Big Shot will have its world premiere at North Carolina's The Wilson Center on November 11 before playing a six-performance limited engagement Off-Broadway at Theatre Row December 9-12, 2022. Click here for ticket information and further details about the upcoming show.

“This collaboration might be the most fun I've ever had as a songwriter,” Lechner said. “Not only do I love the writers we're pastiching, but I also love the music Paul wrote. I can't wait to see what the show looks like on its feet!”

Jack Lechner is the current chair of Columbia School of the Arts’ Film Program.

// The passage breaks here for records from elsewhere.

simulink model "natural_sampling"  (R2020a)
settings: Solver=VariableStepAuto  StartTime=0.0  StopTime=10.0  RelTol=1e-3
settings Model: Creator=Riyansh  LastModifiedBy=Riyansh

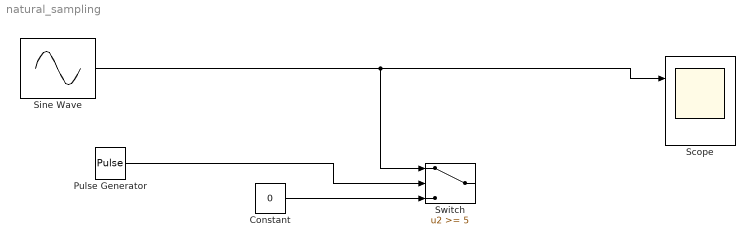
== system natural_sampling ==
  Constant : Constant  Value=0  SampleTime=1e-6
  Pulse Generator : DiscretePulseGenerator  PulseType=Time based  Amplitude=10  Period=0.01  PulseWidth=50
  Scope : Scope  NumInputPorts=2
  Sine Wave : Sin  Frequency=2*pi*5  SampleTime=1e-6
  Switch : Switch  Threshold=5
  wires:
  Sine Wave/1 -> Scope/1, Switch/1
  Constant/1 -> Switch/3
  Pulse Generator/1 -> Switch/2

His credits as Producer, Executive Producer, Supervising Producer, or Consulting Producer include the Oscar-winning documentary The Fog Of War; Blue Valentine; The New Yorker Presents for Amazon; Bite Me; Group; Untouchable for Hulu; Explorer for National Geographic; Left Of The Dial for HBO; TruInside for TruTV; Girls Who Like Boys Who Like Boys for Sundance; The New Public and Playwright: From Page to Stage for PBS; and the pilot of Mad Men for AMC. As an executive at Miramax and Film Four, he was involved in the production and development of dozens of movies, including The Crying Game, Good Will Hunting, and The Full Monty. His book Can’t Take My Eyes Off You was published in 2000, and his picture book Mary Had A Little Lamp in 2008. He also wrote the lyrics for the 2010 off-Broadway musical The Kid.